Working with LLMs often starts with excitement and quickly turns into frustration.

You wire together a few tools, throw in some prompts, maybe add LangChain or OpenAI function calling, and it kind of works. Until it doesn’t.

You tweak a prompt and suddenly the agent can’t find the right tool. You add a new function and now you’re debugging JSON schema errors from a black box.

You try to test locally and realize… you can’t. Not easily, not meaningfully.

The problems pile up fast:

  • Prompt chains are fragile and impossible to validate.
  • OpenAI tool calling is great, until you need flexibility.
  • LangChain does everything, but it’s heavy, slow, and hard to reason about.
  • Local-first development? Forget it.

What should be a clean loop, define tools → expose them → test the agent → ship, turns into duct tape and guesswork.

“I just want to define some tools, wire up an agent, and test the damn thing.”

FastMCP was built to solve exactly this. No orchestration glue. No hidden layers.

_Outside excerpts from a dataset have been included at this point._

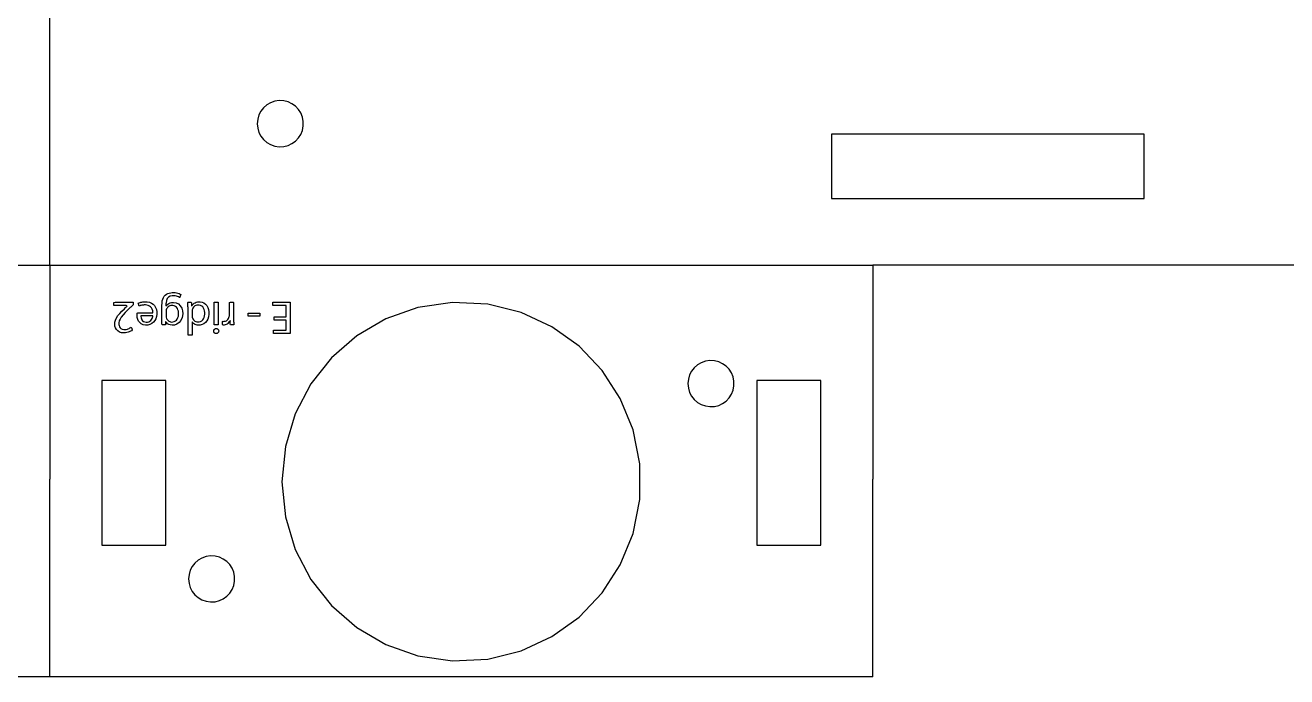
# Model space of a CAD drawing. Header units: metres. Extents: x 1885 to 2636, y 491 to 906.
# Drawn here: x 2313.3 to 2390, y 516.1 to 555.6 of the extents above; entities that cross this region are included whole.
import ezdxf

# ---------------------------------------------------------------- set-up
doc = ezdxf.new("R2010")
doc.units = ezdxf.units.M

msp = doc.modelspace()

# ---------------------------------------------------------------- linework, layer by layer
at = {"layer": 'COMPONENT1'}
for p, q in [((2314.837, 541.072), (2314.837, 557.572)), ((2327.662, 550.431), (2327.541, 550.198)), ((2327.824, 550.635), (2327.662, 550.431)), ((2328.021, 550.806), (2327.824, 550.635)), ((2328.247, 550.938), (2328.021, 550.806)), ((2328.497, 551.027), (2328.247, 550.938)), ((2328.767, 551.067), (2328.497, 551.027)), ((2329.044, 551.053), (2328.767, 551.067)), ((2329.305, 550.989), (2329.044, 551.053)), ((2329.543, 550.877), (2329.305, 550.989)), ((2329.755, 550.725), (2329.543, 550.877)), ((2329.935, 550.537), (2329.755, 550.725)), ((2330.077, 550.318), (2329.935, 550.537)), ((2327.464, 549.942), (2327.437, 549.669)), ((2327.437, 549.669), (2327.464, 549.394)), ((2327.541, 550.198), (2327.464, 549.942)), ((2330.177, 550.073), (2330.077, 550.318)), ((2330.23, 549.807), (2330.177, 550.073)), ((2330.23, 549.53), (2330.23, 549.807)), ((2327.464, 549.394), (2327.541, 549.139)), ((2327.541, 549.139), (2327.662, 548.906)), ((2327.662, 548.906), (2327.824, 548.702)), ((2329.935, 548.8), (2330.077, 549.019)), ((2330.077, 549.019), (2330.177, 549.264)), ((2330.177, 549.264), (2330.23, 549.53)), ((2381.337, 549.022), (2362.337, 549.022)), ((2362.337, 549.022), (2362.337, 545.122)), ((2381.337, 545.122), (2381.337, 549.022)), ((2327.824, 548.702), (2328.021, 548.531)), ((2328.021, 548.531), (2328.247, 548.398)), ((2328.247, 548.398), (2328.497, 548.31)), ((2328.497, 548.31), (2328.767, 548.27)), ((2328.767, 548.27), (2329.044, 548.284)), ((2329.044, 548.284), (2329.305, 548.348)), ((2329.305, 548.348), (2329.543, 548.459)), ((2329.543, 548.459), (2329.755, 548.612)), ((2329.755, 548.612), (2329.935, 548.8)), ((2362.337, 545.122), (2381.337, 545.122)), ((2264.837, 541.072), (2314.837, 541.072)), ((2314.837, 541.072), (2364.837, 541.072)), ((2314.837, 541.072), (2314.837, 528.072)), ((2444.837, 541.072), (2364.837, 541.072)), ((2364.837, 541.072), (2364.837, 528.072)), ((2337.192, 538.498), (2335.242, 537.808)), ((2339.293, 538.808), (2337.192, 538.498)), ((2341.448, 538.703), (2339.293, 538.808)), ((2343.478, 538.198), (2341.448, 538.703)), ((2345.338, 537.333), (2343.478, 538.198)), ((2335.242, 537.808), (2333.482, 536.778)), ((2333.482, 536.778), (2331.952, 535.447)), ((2346.988, 536.147), (2345.338, 537.333)), ((2348.387, 534.682), (2346.988, 536.147)), ((2331.952, 535.447), (2330.693, 533.856)), ((2354.418, 535.149), (2354.192, 535.016)), ((2354.668, 535.237), (2354.418, 535.149)), ((2354.938, 535.277), (2354.668, 535.237)), ((2355.215, 535.264), (2354.938, 535.277)), ((2355.476, 535.199), (2355.215, 535.264)), ((2355.715, 535.088), (2355.476, 535.199)), ((2355.927, 534.935), (2355.715, 535.088)), ((2349.497, 532.976), (2348.387, 534.682)), ((2353.712, 534.409), (2353.635, 534.153)), ((2353.834, 534.641), (2353.712, 534.409)), ((2353.995, 534.845), (2353.834, 534.641)), ((2354.192, 535.016), (2353.995, 534.845)), ((2356.106, 534.747), (2355.927, 534.935)), ((2356.249, 534.528), (2356.106, 534.747)), ((2356.349, 534.283), (2356.249, 534.528)), ((2321.887, 534.072), (2317.987, 534.072)), ((2317.987, 534.072), (2317.987, 524.072)), ((2321.887, 524.072), (2321.887, 534.072)), ((2330.693, 533.856), (2329.744, 532.045)), ((2353.635, 534.153), (2353.608, 533.879)), ((2353.608, 533.879), (2353.635, 533.605)), ((2353.635, 533.605), (2353.712, 533.349)), ((2356.401, 534.018), (2356.349, 534.283)), ((2356.349, 533.475), (2356.401, 533.74)), ((2356.401, 533.74), (2356.401, 534.018)), ((2361.687, 534.072), (2357.787, 534.072)), ((2357.787, 534.072), (2357.787, 524.072)), ((2361.687, 524.072), (2361.687, 534.072)), ((2350.275, 531.069), (2349.497, 532.976)), ((2353.712, 533.349), (2353.834, 533.116)), ((2353.834, 533.116), (2353.995, 532.912)), ((2353.995, 532.912), (2354.192, 532.741)), ((2355.715, 532.67), (2355.927, 532.822)), ((2355.927, 532.822), (2356.106, 533.01)), ((2356.106, 533.01), (2356.249, 533.23)), ((2356.249, 533.23), (2356.349, 533.475)), ((2329.744, 532.045), (2329.145, 530.053)), ((2354.192, 532.741), (2354.418, 532.609)), ((2354.418, 532.609), (2354.668, 532.52)), ((2354.668, 532.52), (2354.938, 532.481)), ((2354.938, 532.481), (2355.215, 532.494)), ((2355.215, 532.494), (2355.476, 532.559)), ((2355.476, 532.559), (2355.715, 532.67)), ((2350.684, 529.002), (2350.275, 531.069)), ((2329.145, 530.053), (2328.937, 527.921)), ((2350.684, 526.84), (2350.684, 529.002)), ((2314.837, 516.072), (2314.837, 528.072)), ((2328.937, 527.921), (2329.145, 525.789)), ((2364.837, 516.072), (2364.837, 528.072)), ((2350.275, 524.773), (2350.684, 526.84)), ((2329.145, 525.789), (2329.744, 523.797)), ((2349.497, 522.866), (2350.275, 524.773)), ((2317.987, 524.072), (2321.887, 524.072)), ((2329.744, 523.797), (2330.693, 521.986)), ((2357.787, 524.072), (2361.687, 524.072)), ((2323.653, 522.981), (2323.491, 522.777)), ((2323.849, 523.152), (2323.653, 522.981)), ((2324.075, 523.284), (2323.849, 523.152)), ((2324.326, 523.373), (2324.075, 523.284)), ((2324.595, 523.413), (2324.326, 523.373)), ((2324.872, 523.399), (2324.595, 523.413)), ((2325.133, 523.334), (2324.872, 523.399)), ((2325.372, 523.223), (2325.133, 523.334)), ((2325.584, 523.071), (2325.372, 523.223)), ((2325.764, 522.883), (2325.584, 523.071)), ((2325.906, 522.664), (2325.764, 522.883)), ((2348.387, 521.16), (2349.497, 522.866)), ((2323.292, 522.288), (2323.266, 522.014)), ((2323.369, 522.544), (2323.292, 522.288)), ((2323.491, 522.777), (2323.369, 522.544)), ((2326.006, 522.419), (2325.906, 522.664)), ((2326.059, 522.153), (2326.006, 522.419)), ((2326.059, 521.876), (2326.059, 522.153)), ((2323.266, 522.014), (2323.292, 521.741)), ((2323.292, 521.741), (2323.369, 521.485)), ((2323.369, 521.485), (2323.491, 521.252)), ((2325.764, 521.146), (2325.906, 521.365)), ((2325.906, 521.365), (2326.006, 521.61)), ((2326.006, 521.61), (2326.059, 521.876)), ((2330.693, 521.986), (2331.952, 520.395)), ((2323.491, 521.252), (2323.653, 521.048)), ((2323.653, 521.048), (2323.849, 520.877)), ((2323.849, 520.877), (2324.075, 520.744)), ((2324.075, 520.744), (2324.326, 520.656)), ((2324.326, 520.656), (2324.595, 520.616)), ((2324.595, 520.616), (2324.872, 520.629)), ((2324.872, 520.629), (2325.133, 520.694)), ((2325.133, 520.694), (2325.372, 520.805)), ((2325.372, 520.805), (2325.584, 520.958)), ((2325.584, 520.958), (2325.764, 521.146)), ((2346.988, 519.695), (2348.387, 521.16)), ((2331.952, 520.395), (2333.482, 519.064)), ((2333.482, 519.064), (2335.242, 518.034)), ((2345.338, 518.509), (2346.988, 519.695)), ((2343.478, 517.644), (2345.338, 518.509)), ((2335.242, 518.034), (2337.192, 517.344)), ((2341.448, 517.139), (2343.478, 517.644)), ((2337.192, 517.344), (2339.293, 517.034)), ((2339.293, 517.034), (2341.448, 517.139)), ((2314.837, 516.072), (2311.837, 516.072)), ((2364.837, 516.072), (2314.837, 516.072))]:
    msp.add_line(p, q, dxfattribs=at)
at = {"layer": 'COMPONENT16'}
for p, q in [((2321.667, 538.901), (2321.695, 539.013)), ((2321.695, 539.013), (2321.735, 539.108)), ((2321.735, 539.108), (2321.786, 539.187)), ((2321.786, 539.187), (2321.848, 539.254)), ((2321.848, 539.254), (2321.922, 539.308)), ((2321.916, 538.935), (2321.892, 538.787)), ((2321.968, 539.049), (2321.916, 538.935)), ((2321.922, 539.308), (2322.004, 539.349)), ((2322.045, 539.132), (2321.968, 539.049)), ((2322.004, 539.349), (2322.091, 539.379)), ((2322.142, 539.185), (2322.045, 539.132)), ((2322.091, 539.379), (2322.181, 539.398)), ((2322.256, 539.212), (2322.142, 539.185)), ((2322.181, 539.398), (2322.271, 539.408)), ((2322.365, 539.215), (2322.256, 539.212)), ((2322.271, 539.408), (2322.359, 539.41)), ((2322.359, 539.41), (2322.443, 539.405)), ((2322.447, 539.208), (2322.365, 539.215)), ((2322.443, 539.405), (2322.528, 539.394)), ((2322.523, 539.193), (2322.447, 539.208)), ((2322.592, 539.173), (2322.523, 539.193)), ((2322.528, 539.394), (2322.61, 539.376)), ((2322.654, 539.148), (2322.592, 539.173)), ((2322.61, 539.376), (2322.686, 539.351)), ((2322.708, 539.12), (2322.654, 539.148)), ((2322.686, 539.351), (2322.754, 539.321)), ((2322.732, 539.11), (2322.708, 539.12)), ((2322.741, 539.138), (2322.732, 539.11)), ((2322.755, 539.182), (2322.741, 539.138)), ((2322.754, 539.321), (2322.792, 539.296)), ((2322.771, 539.23), (2322.755, 539.182)), ((2322.792, 539.296), (2322.771, 539.23)), ((2318.729, 538.813), (2318.81, 538.821)), ((2318.729, 538.786), (2318.729, 538.813)), ((2318.729, 538.748), (2318.729, 538.786)), ((2318.729, 538.706), (2318.729, 538.748)), ((2318.729, 538.665), (2318.729, 538.706)), ((2318.729, 538.633), (2318.729, 538.665)), ((2318.752, 538.615), (2318.729, 538.633)), ((2318.849, 538.615), (2318.752, 538.615)), ((2318.81, 538.821), (2318.982, 538.821)), ((2318.995, 538.615), (2318.849, 538.615)), ((2318.982, 538.821), (2319.21, 538.821)), ((2319.165, 538.615), (2318.995, 538.615)), ((2319.082, 538.141), (2319.212, 538.282)), ((2319.33, 538.615), (2319.165, 538.615)), ((2319.21, 538.821), (2319.454, 538.821)), ((2319.212, 538.282), (2319.361, 538.43)), ((2319.412, 538.191), (2319.28, 538.048)), ((2319.465, 538.615), (2319.33, 538.615)), ((2319.361, 538.43), (2319.41, 538.478)), ((2319.41, 538.478), (2319.453, 538.518)), ((2319.573, 538.352), (2319.412, 538.191)), ((2319.453, 538.518), (2319.483, 538.546)), ((2319.454, 538.821), (2319.676, 538.821)), ((2319.535, 538.595), (2319.465, 538.615)), ((2319.483, 538.546), (2319.512, 538.573)), ((2319.512, 538.573), (2319.535, 538.595)), ((2319.722, 538.496), (2319.573, 538.352)), ((2319.676, 538.821), (2319.838, 538.821)), ((2319.752, 538.525), (2319.722, 538.496)), ((2319.791, 538.563), (2319.752, 538.525)), ((2319.832, 538.602), (2319.791, 538.563)), ((2319.867, 538.637), (2319.832, 538.602)), ((2319.838, 538.821), (2319.9, 538.821)), ((2319.9, 538.669), (2319.867, 538.637)), ((2319.9, 538.821), (2319.9, 538.792)), ((2319.9, 538.792), (2319.9, 538.763)), ((2319.9, 538.763), (2319.9, 538.731)), ((2319.9, 538.731), (2319.9, 538.702)), ((2319.9, 538.702), (2319.9, 538.669)), ((2320.132, 538.136), (2320.134, 538.162)), ((2320.134, 538.162), (2320.187, 538.184)), ((2320.187, 538.184), (2320.299, 538.184)), ((2320.206, 538.764), (2320.267, 538.789)), ((2320.214, 538.729), (2320.206, 538.764)), ((2320.222, 538.699), (2320.214, 538.729)), ((2320.23, 538.666), (2320.222, 538.699)), ((2320.238, 538.635), (2320.23, 538.666)), ((2320.258, 538.59), (2320.238, 538.635)), ((2320.293, 538.604), (2320.258, 538.59)), ((2320.267, 538.789), (2320.313, 538.804)), ((2320.33, 538.617), (2320.293, 538.604)), ((2320.299, 538.184), (2320.453, 538.184)), ((2320.313, 538.804), (2320.364, 538.818)), ((2320.371, 538.628), (2320.33, 538.617)), ((2320.364, 538.818), (2320.421, 538.83)), ((2320.414, 538.638), (2320.371, 538.628)), ((2320.462, 538.647), (2320.414, 538.638)), ((2320.421, 538.83), (2320.484, 538.84)), ((2320.453, 538.184), (2320.627, 538.184)), ((2320.515, 538.653), (2320.462, 538.647)), ((2320.484, 538.84), (2320.553, 538.848)), ((2320.572, 538.656), (2320.515, 538.653)), ((2320.553, 538.848), (2320.627, 538.852)), ((2320.639, 538.657), (2320.572, 538.656)), ((2320.627, 538.852), (2320.746, 538.848)), ((2320.627, 538.184), (2320.8, 538.184)), ((2320.729, 538.649), (2320.639, 538.657)), ((2320.813, 538.628), (2320.729, 538.649)), ((2320.746, 538.848), (2320.885, 538.822)), ((2320.8, 538.184), (2320.951, 538.184)), ((2320.891, 538.593), (2320.813, 538.628)), ((2320.885, 538.822), (2321.007, 538.773)), ((2320.958, 538.543), (2320.891, 538.593)), ((2320.951, 538.184), (2321.057, 538.184)), ((2321.014, 538.478), (2320.958, 538.543)), ((2321.007, 538.773), (2321.111, 538.703)), ((2321.058, 538.397), (2321.014, 538.478)), ((2321.057, 538.184), (2321.097, 538.184)), ((2321.086, 538.299), (2321.058, 538.397)), ((2321.097, 538.184), (2321.086, 538.299)), ((2321.111, 538.703), (2321.196, 538.614)), ((2321.196, 538.614), (2321.262, 538.506)), ((2321.262, 538.506), (2321.307, 538.382)), ((2321.307, 538.382), (2321.33, 538.244)), ((2321.33, 538.244), (2321.332, 538.094)), ((2321.645, 538.621), (2321.65, 538.771)), ((2321.645, 538.56), (2321.645, 538.621)), ((2321.645, 538.408), (2321.645, 538.56)), ((2321.645, 538.213), (2321.645, 538.408)), ((2321.645, 538.02), (2321.645, 538.213)), ((2321.65, 538.771), (2321.667, 538.901)), ((2321.892, 538.787), (2321.89, 538.73)), ((2321.89, 538.73), (2321.89, 538.67)), ((2321.89, 538.67), (2321.89, 538.633)), ((2321.89, 538.602), (2321.937, 538.645)), ((2321.89, 538.633), (2321.89, 538.602)), ((2321.894, 538.269), (2321.893, 538.24)), ((2321.893, 538.24), (2321.893, 538.198)), ((2321.893, 538.198), (2321.893, 538.158)), ((2321.893, 538.158), (2321.893, 538.114)), ((2321.897, 538.303), (2321.894, 538.269)), ((2321.903, 538.336), (2321.897, 538.303)), ((2321.911, 538.368), (2321.903, 538.336)), ((2321.928, 538.413), (2321.911, 538.368)), ((2321.956, 538.464), (2321.928, 538.413)), ((2321.937, 538.645), (2321.993, 538.701)), ((2321.99, 538.508), (2321.956, 538.464)), ((2322.03, 538.547), (2321.99, 538.508)), ((2321.993, 538.701), (2322.061, 538.749)), ((2322.075, 538.578), (2322.03, 538.547)), ((2322.061, 538.749), (2322.142, 538.785)), ((2322.125, 538.602), (2322.075, 538.578)), ((2322.177, 538.618), (2322.125, 538.602)), ((2322.142, 538.785), (2322.234, 538.808)), ((2322.233, 538.625), (2322.177, 538.618)), ((2322.311, 538.623), (2322.233, 538.625)), ((2322.234, 538.808), (2322.34, 538.815)), ((2322.396, 538.603), (2322.311, 538.623)), ((2322.34, 538.815), (2322.503, 538.789)), ((2322.47, 538.565), (2322.396, 538.603)), ((2322.532, 538.513), (2322.47, 538.565)), ((2322.503, 538.789), (2322.644, 538.718)), ((2322.582, 538.447), (2322.532, 538.513)), ((2322.619, 538.37), (2322.582, 538.447)), ((2322.645, 538.284), (2322.619, 538.37)), ((2322.644, 538.718), (2322.76, 538.61)), ((2322.658, 538.191), (2322.645, 538.284)), ((2322.659, 538.086), (2322.658, 538.191)), ((2322.76, 538.61), (2322.846, 538.469)), ((2322.846, 538.469), (2322.898, 538.302)), ((2322.898, 538.302), (2322.911, 538.108)), ((2323.217, 538.815), (2323.246, 538.821)), ((2323.219, 538.778), (2323.217, 538.815)), ((2323.221, 538.738), (2323.219, 538.778)), ((2323.223, 538.695), (2323.221, 538.738)), ((2323.225, 538.65), (2323.223, 538.695)), ((2323.226, 538.603), (2323.225, 538.65)), ((2323.227, 538.557), (2323.226, 538.603)), ((2323.228, 538.51), (2323.227, 538.557)), ((2323.228, 538.468), (2323.228, 538.51)), ((2323.228, 538.388), (2323.228, 538.468)), ((2323.228, 538.196), (2323.228, 538.388)), ((2323.228, 537.931), (2323.228, 538.196)), ((2323.246, 538.821), (2323.279, 538.821)), ((2323.279, 538.821), (2323.318, 538.821)), ((2323.318, 538.821), (2323.359, 538.821)), ((2323.359, 538.821), (2323.395, 538.821)), ((2323.395, 538.821), (2323.423, 538.821)), ((2323.423, 538.821), (2323.438, 538.792)), ((2323.438, 538.792), (2323.44, 538.757)), ((2323.44, 538.757), (2323.442, 538.715)), ((2323.442, 538.715), (2323.444, 538.672)), ((2323.444, 538.672), (2323.446, 538.632)), ((2323.446, 538.632), (2323.447, 538.601)), ((2323.447, 538.601), (2323.474, 538.616)), ((2323.474, 538.275), (2323.473, 538.248)), ((2323.473, 538.248), (2323.473, 538.208)), ((2323.473, 538.208), (2323.473, 538.17)), ((2323.473, 538.17), (2323.473, 538.127)), ((2323.474, 538.616), (2323.51, 538.669)), ((2323.476, 538.301), (2323.474, 538.275)), ((2323.479, 538.327), (2323.476, 538.301)), ((2323.484, 538.352), (2323.479, 538.327)), ((2323.499, 538.402), (2323.484, 538.352)), ((2323.527, 538.462), (2323.499, 538.402)), ((2323.51, 538.669), (2323.554, 538.716)), ((2323.562, 538.514), (2323.527, 538.462)), ((2323.554, 538.716), (2323.605, 538.758)), ((2323.605, 538.558), (2323.562, 538.514)), ((2323.605, 538.758), (2323.663, 538.793)), ((2323.653, 538.595), (2323.605, 538.558)), ((2323.706, 538.623), (2323.653, 538.595)), ((2323.663, 538.793), (2323.727, 538.821)), ((2323.763, 538.642), (2323.706, 538.623)), ((2323.727, 538.821), (2323.799, 538.84)), ((2323.823, 538.651), (2323.763, 538.642)), ((2323.799, 538.84), (2323.876, 538.851)), ((2323.903, 538.648), (2323.823, 538.651)), ((2323.876, 538.851), (2323.977, 538.849)), ((2323.988, 538.628), (2323.903, 538.648)), ((2323.977, 538.849), (2324.091, 538.824)), ((2324.062, 538.589), (2323.988, 538.628)), ((2324.123, 538.535), (2324.062, 538.589)), ((2324.091, 538.824), (2324.196, 538.776)), ((2324.173, 538.468), (2324.123, 538.535)), ((2324.211, 538.389), (2324.173, 538.468)), ((2324.196, 538.776), (2324.289, 538.707)), ((2324.237, 538.3), (2324.211, 538.389)), ((2324.25, 538.204), (2324.237, 538.3)), ((2324.251, 538.1), (2324.25, 538.204)), ((2324.289, 538.707), (2324.368, 538.617)), ((2324.368, 538.617), (2324.43, 538.509)), ((2324.43, 538.509), (2324.475, 538.385)), ((2324.475, 538.385), (2324.499, 538.246)), ((2324.499, 538.246), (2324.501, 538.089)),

Just Pythonic, testable, LLM-safe tools that behave the way you expect, because you wrote them that way.


What is FastMCP?

FastMCP Homepage

FastMCP is a Python-first framework for building LLM-safe APIs, a structured way to expose tools, prompts, and resources to language models.

It’s the reference implementation of the Model-Context Protocol (MCP), a protocol designed to make LLM-agent interactions more predictable, inspectable, and testable.

Created by Jonathan Lowin, CEO at prefect.io, FastMCP is what happens when you take OpenAI’s tool calling seriously, and reimagine it for real-world developers.

At the heart of FastMCP is a simple but powerful idea:

Everything is a tool.

Whether it’s a function, a prompt, a resource, or an agent call, it’s treated as a typed, callable object with clear inputs and outputs.

That means:

  • It’s introspectable by LLMs (via JSON schemas or natural-language docs).
  • It’s testable by you (in memory, without a server).
  • It’s just Python (no decorators that swallow errors, no mysterious “chains”).

FastMCP doesn’t replace your model or your frontend, it replaces the glue layer between LLMs and the real world.


How FastMCP Adds Value

FastMCP isn’t trying to be everything. It’s trying to be the thing that actually works, a developer-first, LLM-native interface layer that doesn’t fight you.

Here’s what makes it stand out:

In-Memory Testing

You don’t need a running server or an OpenAI key to test your tools.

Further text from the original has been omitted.